> _Problem statement_
Among the lines of the data, copy those that hold "hgtransform".

=== Section Start ===

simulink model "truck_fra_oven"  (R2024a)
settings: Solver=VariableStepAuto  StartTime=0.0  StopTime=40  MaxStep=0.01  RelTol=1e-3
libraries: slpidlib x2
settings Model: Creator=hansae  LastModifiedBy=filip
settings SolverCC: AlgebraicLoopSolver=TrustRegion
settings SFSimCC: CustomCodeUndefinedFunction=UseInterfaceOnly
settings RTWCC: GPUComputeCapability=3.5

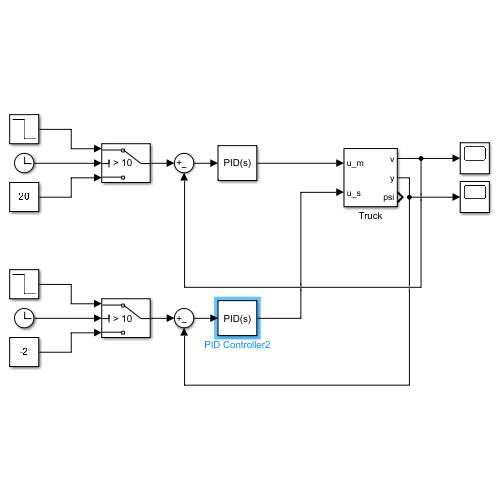
[thumbnail: Simulink's stored preview of the top-level diagram]
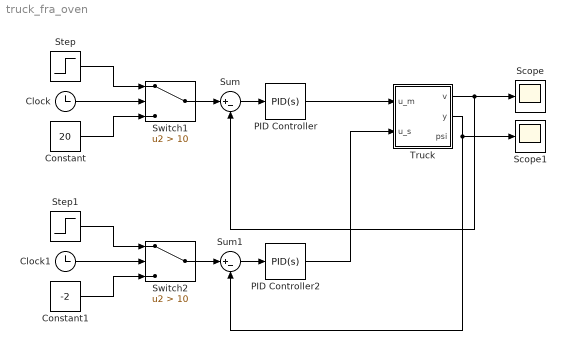
== system truck_fra_oven ==
  Clock : Clock
  Clock1 : Clock
  Constant : Constant  Value=20
  Constant1 : Constant  Value=-2
  PID Controller : slpidlib/PID Controller  Controller=PID  Form=Parallel  TimeDomain=Continuous-time  UseExternalTs=off  SampleTime=-1  IntegratorMethod=Forward Euler  FilterMethod=Forward Euler  ControllerParametersSource=internal  P=8000  I=50  UseKiTs=off  D=7500  UseExternalDerivativeSource=off  N=100  UseFilter=on  TunerSelectOption=Transfer Function Based (PID Tuner App)  InitialConditionSource=internal  InitialConditionForIntegrator=0  InitialConditionForFilter=0  DifferentiatorICPrevScaledInput=0  ExternalReset=none  TrackingMode=off  Kt=1  LimitOutput=off  SatLimitsSource=internal  UpperSaturationLimit=inf  LowerSaturationLimit=-inf  LinearizeAsGain=on  AntiWindupMode=none  Kb=1  LimitIntegrator=off  UpperIntegratorSaturationLimit=inf  LowerIntegratorSaturationLimit=-inf  POutMin=[]  POutMax=[]  IOutMin=[]  IOutMax=[]  DOutMin=[]  DOutMax=[]  NOutMin=[]  NOutMax=[]  SumOutMin=[]  SumOutMax=[]  SaturationOutMin=[]  SaturationOutMax=[]  PParamMin=[]  PParamMax=[]  IParamMin=[]  IParamMax=[]  DParamMin=[]  DParamMax=[]  NParamMin=[]  NParamMax=[]  KbParamMin=[]  KbParamMax=[]  KtParamMin=[]  KtParamMax=[]  KbOutMin=[]  KbOutMax=[]  KtOutMin=[]  KtOutMax=[]  IntegratorOutMin=[]  IntegratorOutMax=[]  FilterOutMin=[]  FilterOutMax=[]  SumI1OutMin=[]  SumI1OutMax=[]  SumI2OutMin=[]  SumI2OutMax=[]  SumI3OutMin=[]  SumI3OutMax=[]  SumI4OutMin=[]  SumI4OutMax=[]  SumDOutMin=[]  SumDOutMax=[]  DifferentiatorOutMin=[]  DifferentiatorOutMax=[]  FilterDiffOutCoefMin=[]  FilterDiffOutCoefMax=[]  ReciprocalOutMin=[]  ReciprocalOutMax=[]  SumDenOutMin=[]  SumDenOutMax=[]  SumNumOutMin=[]  SumNumOutMax=[]  DivideOutMin=[]  DivideOutMax=[]  UdiffTsProdOutMin=[]  UdiffTsProdOutMax=[]  NTsProdOutMin=[]  NTsProdOutMax=[]  UintegralTsProdOutMin=[]  UintegralTsProdOutMax=[]  UngainTsProdOutMin=[]  UngainTsProdOutMax=[]  ClampingZeroOutDataTypeStr=Inherit: Inherit via back propagation  ClampingZeroOutMin=[]  ClampingZeroOutMax=[]  FilterDenConstantOutDataTypeStr=Inherit: Inherit via back propagation  FilterDenConstantOutMin=[]  FilterDenConstantOutMax=[]  PCopyOutDataTypeStr=Inherit: Inherit via back propagation  PCopyOutMin=[]  PCopyOutMax=[]  NCopyOutDataTypeStr=Inherit: Inherit via back propagation  NCopyOutMin=[]  NCopyOutMax=[]  IntegratorContinuousStateAttributes=''  IntegratorStateMustResolveToSignalObject=off  IntegratorRTWStateStorageClass=Auto  FilterContinuousStateAttributes=''  FilterStateMustResolveToSignalObject=off  FilterRTWStateStorageClass=Auto  ParallelPVariant=InternalParameters  IdealPVariant=Disabled  IVariant=InternalParameters  DVariant=InternalParameters  IntegratorVariant=Continuous  SatVariant=Disabled  AWVariant=Passthrough  PCopyVariant=Disabled  TRVariant=Disabled  FdbkBlocksVariant=Forward  IdealPFdbkVariant=Disabled  SatFdbkVariant=Disabled  DerivativeFilterVariant=ContFilter  NVariant=InternalParameters  NCopyVariant=Disabled  FilterICVariant=InternalICsFilter  IntegratorICVariant=InternalICs  ExternalResetVariant=Disabled  TRSumVariant=Passthrough  SumFdbkVariant=Disabled  SumVariant=Sum_PID  TsampFilterVariant=InternalTs  TsampNgainVariant=Passthrough  TsampIntegralVariant=Disabled_SignalSpec  ExternalSaturationOutDataTypeStr=Inherit: Same as second input  DerivativeSourceVariant=ErrorSignal
  PID Controller2 : slpidlib/PID Controller  Controller=PID  Form=Parallel  TimeDomain=Continuous-time  UseExternalTs=off  SampleTime=-1  IntegratorMethod=Forward Euler  FilterMethod=Forward Euler  ControllerParametersSource=internal  P=0.0464198158186668  I=0.0217313338533882  UseKiTs=off  D=0.0243480245404174  UseExternalDerivativeSource=off  N=54.5397025421619  UseFilter=on  TunerSelectOption=Frequency Response Based  InitialConditionSource=internal  InitialConditionForIntegrator=0  InitialConditionForFilter=0  DifferentiatorICPrevScaledInput=0  ExternalReset=none  TrackingMode=off  Kt=1  LimitOutput=off  SatLimitsSource=internal  UpperSaturationLimit=inf  LowerSaturationLimit=-inf  LinearizeAsGain=on  AntiWindupMode=none  Kb=1  LimitIntegrator=off  UpperIntegratorSaturationLimit=inf  LowerIntegratorSaturationLimit=-inf  POutMin=[]  POutMax=[]  IOutMin=[]  IOutMax=[]  DOutMin=[]  DOutMax=[]  NOutMin=[]  NOutMax=[]  SumOutMin=[]  SumOutMax=[]  SaturationOutMin=[]  SaturationOutMax=[]  PParamMin=[]  PParamMax=[]  IParamMin=[]  IParamMax=[]  DParamMin=[]  DParamMax=[]  NParamMin=[]  NParamMax=[]  KbParamMin=[]  KbParamMax=[]  KtParamMin=[]  KtParamMax=[]  KbOutMin=[]  KbOutMax=[]  KtOutMin=[]  KtOutMax=[]  IntegratorOutMin=[]  IntegratorOutMax=[]  FilterOutMin=[]  FilterOutMax=[]  SumI1OutMin=[]  SumI1OutMax=[]  SumI2OutMin=[]  SumI2OutMax=[]  SumI3OutMin=[]  SumI3OutMax=[]  SumI4OutMin=[]  SumI4OutMax=[]  SumDOutMin=[]  SumDOutMax=[]  DifferentiatorOutMin=[]  DifferentiatorOutMax=[]  FilterDiffOutCoefMin=[]  FilterDiffOutCoefMax=[]  ReciprocalOutMin=[]  ReciprocalOutMax=[]  SumDenOutMin=[]  SumDenOutMax=[]  SumNumOutMin=[]  SumNumOutMax=[]  DivideOutMin=[]  DivideOutMax=[]  UdiffTsProdOutMin=[]  UdiffTsProdOutMax=[]  NTsProdOutMin=[]  NTsProdOutMax=[]  UintegralTsProdOutMin=[]  UintegralTsProdOutMax=[]  UngainTsProdOutMin=[]  UngainTsProdOutMax=[]  ClampingZeroOutDataTypeStr=Inherit: Inherit via back propagation  ClampingZeroOutMin=[]  ClampingZeroOutMax=[]  FilterDenConstantOutDataTypeStr=Inherit: Inherit via back propagation  FilterDenConstantOutMin=[]  FilterDenConstantOutMax=[]  PCopyOutDataTypeStr=Inherit: Inherit via back propagation  PCopyOutMin=[]  PCopyOutMax=[]  NCopyOutDataTypeStr=Inherit: Inherit via back propagation  NCopyOutMin=[]  NCopyOutMax=[]  IntegratorContinuousStateAttributes=''  IntegratorStateMustResolveToSignalObject=off  IntegratorRTWStateStorageClass=Auto  FilterContinuousStateAttributes=''  FilterStateMustResolveToSignalObject=off  FilterRTWStateStorageClass=Auto  ParallelPVariant=InternalParameters  IdealPVariant=Disabled  IVariant=InternalParameters  DVariant=InternalParameters  IntegratorVariant=Continuous  SatVariant=Disabled  AWVariant=Passthrough  PCopyVariant=Disabled  TRVariant=Disabled  FdbkBlocksVariant=Forward  IdealPFdbkVariant=Disabled  SatFdbkVariant=Disabled  DerivativeFilterVariant=ContFilter  NVariant=InternalParameters  NCopyVariant=Disabled  FilterICVariant=InternalICsFilter  IntegratorICVariant=InternalICs  ExternalResetVariant=Disabled  TRSumVariant=Passthrough  SumFdbkVariant=Disabled  SumVariant=Sum_PID  TsampFilterVariant=InternalTs  TsampNgainVariant=Passthrough  TsampIntegralVariant=Disabled_SignalSpec  ExternalSaturationOutDataTypeStr=Inherit: Same as second input  DerivativeSourceVariant=ErrorSignal
  Scope : Scope
  Scope1 : Scope
  Step : Step  Time=20  Before=30  After=20  SampleTime=0
  Step1 : Step  Time=20  Before=2  After=-2  SampleTime=0
  Sum : Sum  Inputs=|+-
  Sum1 : Sum  Inputs=|+-
  Switch1 : Switch  Criteria=u2 > Threshold  Threshold=10  SaturateOnIntegerOverflow=off  InputSameDT=off
  Switch2 : Switch  Criteria=u2 > Threshold  Threshold=10  SaturateOnIntegerOverflow=off  InputSameDT=off
  Truck : Subsystem
  wires:
  Clock/1 -> Switch1/2
  Truck/1(v) -> Scope/1, Sum/2
  Sum/1 -> PID Controller/1
  Sum1/1 -> PID Controller2/1
  Switch2/1 -> Sum1/1
  Clock1/1 -> Switch2/2
  Truck/2(y) -> Scope1/1, Sum1/2
  PID Controller2/1 -> Truck/2(u_s)
  Constant/1 -> Switch1/3
  Step/1 -> Switch1/1
  Constant1/1 -> Switch2/3
  Step1/1 -> Switch2/1
  PID Controller/1 -> Truck/1(u_m)
  Switch1/1 -> Sum/1

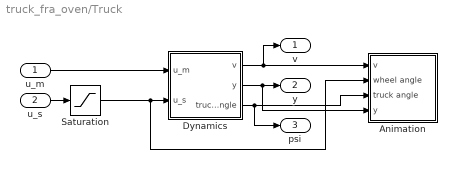
== system truck_fra_oven/Truck ==
  u_m : Inport
  u_s : Inport  Port=2
  Animation : Subsystem
  Dynamics : Subsystem  ClipboardFcn=parameters_truck.m
  Saturation : Saturate  UpperLimit=pi/4  LowerLimit=-pi/4
  v : Outport
  y : Outport  Port=2
  psi : Outport  Port=3
  wires:
  Dynamics/2(y) -> y/1, Animation/4(y)
  u_s/1 -> Saturation/1
  u_m/1 -> Dynamics/1(u_m)
  Dynamics/3(truck angle) -> psi/1, Animation/3(truck angle)
  Saturation/1 -> Animation/2(wheel angle), Dynamics/2(u_s)
  Dynamics/1(v) -> v/1, Animation/1(v)

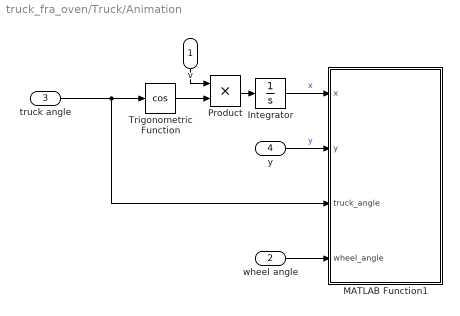
== system truck_fra_oven/Truck/Animation ==
  v : Inport
  wheel angle : Inport  Port=2
  truck angle : Inport  Port=3
  y : Inport  Port=4
  Integrator : Integrator
  MATLAB Function1 : MATLAB Function  TreatAsAtomicUnit=on  SystemSampleTime=1/30
  Product : Product
  Trigonometric Function : Trigonometry  Operator=cos
  wires:
  Product/1 -> Integrator/1
  Trigonometric Function/1 -> Product/2
  v/1 -> Product/1
  y/1 -> MATLAB Function1/2(y)  "y"
  Integrator/1 -> MATLAB Function1/1(x)  "x"
  truck angle/1 -> MATLAB Function1/3(truck_angle), Trigonometric Function/1
  wheel angle/1 -> MATLAB Function1/4(wheel_angle)

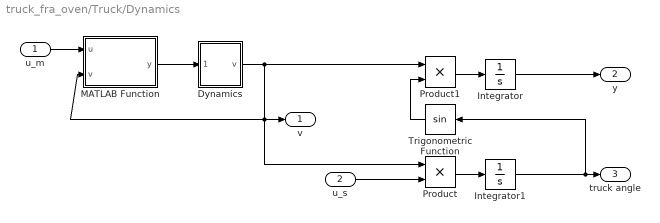
== system truck_fra_oven/Truck/Dynamics ==
  u_m : Inport
  u_s : Inport  Port=2
  Dynamics : Subsystem  ClipboardFcn=parameters_truck.m
  Integrator : Integrator  InitialCondition=-2
  Integrator1 : Integrator
  MATLAB Function : MATLAB Function  TreatAsAtomicUnit=on
  Product : Product
  Product1 : Product
  Trigonometric Function : Trigonometry
  v : Outport
  y : Outport  Port=2
  truck angle : Outport  Port=3
  wires:
  Integrator/1 -> y/1
  Product/1 -> Integrator1/1
  Product1/1 -> Integrator/1
  Trigonometric Function/1 -> Product1/2
  u_s/1 -> Product/2
  Integrator1/1 -> truck angle/1, Trigonometric Function/1
  MATLAB Function/1(y) -> Dynamics/1(u_m)
  u_m/1 -> MATLAB Function/1(u)
  Dynamics/1(v) -> Product/1, MATLAB Function/2(v), v/1, Product1/1

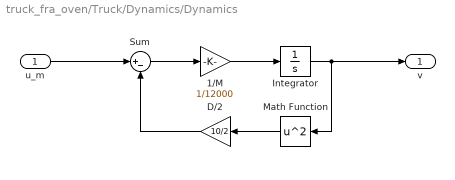
== system truck_fra_oven/Truck/Dynamics/Dynamics ==
  u_m : Inport
  1/M : Gain  Gain=1/12000
  D/2 : Gain  Gain=10/2
  Integrator : Integrator
  Math Function : Math  Operator=square  SignedPower=on
  Sum : Sum  Inputs=|+-
  v : Outport
  wires:
  Integrator/1 -> v/1, Math Function/1
  Sum/1 -> 1/M/1
  u_m/1 -> Sum/1
  1/M/1 -> Integrator/1
  D/2/1 -> Sum/2
  Math Function/1 -> D/2/1

== matlab function truck_fra_oven/Truck/Dynamics/MATLAB Function ==
  data: u input; y output; v input
function y = saturation(u,v)
    Pmax = 400000;
    epsilon = 0.1;
    
    sat = Pmax/sqrt(v^2+epsilon);
    y = max(min(u,sat),-sat);

== matlab function truck_fra_oven/Truck/Animation/MATLAB Function1 ==
  settings: updateMethod=DISCRETE
  data: x input; y input; truck_angle input; wheel_angle input
function plot_truck(x,y,truck_angle,wheel_angle)
    % Parameters
    l = 8;
    persistent Truck;

    % Plotting Truck
    if isempty(Truck)
        Truck = initialize_plot();
    else
        update_truck_position(Truck,x,y,truck_angle,wheel_angle);
    end    

    drawnow;

    % Functions
    function Truck = initialize_plot()
        % Create figure
        figure('position',[100,100,1500,500]);
        clf; grid on; hold on; daspect([1,1,1]);
        xlim([-20, 50])
        ylim([-10, 10])
    
        % Road
        plot([-5000,5000],[-4,-4],'k','linewidth',3);
        plot([-5000,5000],[4,4],'k','linewidth',3);
        plot([-5000,5000],[0,0],'y','linewidth',3);

        % Truck
        Truck               = hgtransform('parent',gca);
        Left_front_wheel    = hgtransform('parent',Truck);
        Right_front_wheel   = hgtransform('parent',Truck);

        % Back wheels
        rectangle('Position',[l/6,-l/100,l/8,l/40],'parent',Truck,'edgecolor','k','linewidth',2,'FaceColor','w')
        rectangle('Position',[l/6,l-2*l/3-(l/40-l/100),l/8,l/40],'parent',Truck,'edgecolor','k','linewidth',2,'FaceColor','w')
        % Front wheel
        rectangle('Position',[2*l/3+l/20,-l/100,l/8,l/40],'parent',Right_front_wheel,'edgecolor','k','linewidth',2,'FaceColor','w')
        rectangle('Position',[2*l/3+l/20,l-2*l/3-(l/40-l/100),l/8,l/40],'parent',Left_front_wheel,'edgecolor','k','linewidth',2,'FaceColor','w')
        % Back
        rectangle('Position',[0,0,11*l/18,l-2*l/3],'parent',Truck,'edgecolor','k','linewidth',2,'FaceColor','w')
        % Front
        rectangle('Position',[2*l/3,0,l-2*l/3,l-2*l/3],'parent',Truck,'edgecolor','k','linewidth',2,'FaceColor','w')
        % Connection
        rectangle('Position',[11*l/18,3*l/8-l/3,2*l/3-11*l/18,l-3*l/4],'parent',Truck,'edgecolor','k','linewidth',2,'FaceColor','w')
        % Window
        rectangle('Position',[7*l/8,0,l/8,l-2*l/3],'parent',Truck,'edgecolor','k','linewidth',2,'FaceColor','w')
        
    end
    
    function update_truck_position(Truck,x,y,truck_angle,wheel_angle)
        if ishandle(Truck)
            set(Truck, 'Matrix', makehgtform('translate', [x, y, 0], 'zrotate', truck_angle, 'translate', [-l/6-l/16, -l/2+l/3, 0]));
            
            children = get(Truck, 'Children');
            set(children(8), 'Matrix', makehgtform('translate', -[-(2*l/3+l/20)-l/16, -(l-2*l/3-(l/40-l/100))-l/80, 0], 'zrotate', -wheel_angle, 'translate', [-(2*l/3+l/20)-l/16, -(l-2*l/3-(l/40-l/100))-l/80, 0]));
            set(children(7), 'Matrix', makehgtform('translate', -[-(2*l/3+l/20)-l/16, l/100-l/80, 0], 'zrotate', -wheel_angle, 'translate', [-(2*l/3+l/20)-l/16, l/100-l/80, 0]));
    
            xlim([-20, 50] + x)
            ylim([-10, 10] + y)
        end
    end
end

=== Section End ===

> _Finished exercise_
        Truck               = hgtransform('parent',gca);
        Left_front_wheel    = hgtransform('parent',Truck);
        Right_front_wheel   = hgtransform('parent',Truck);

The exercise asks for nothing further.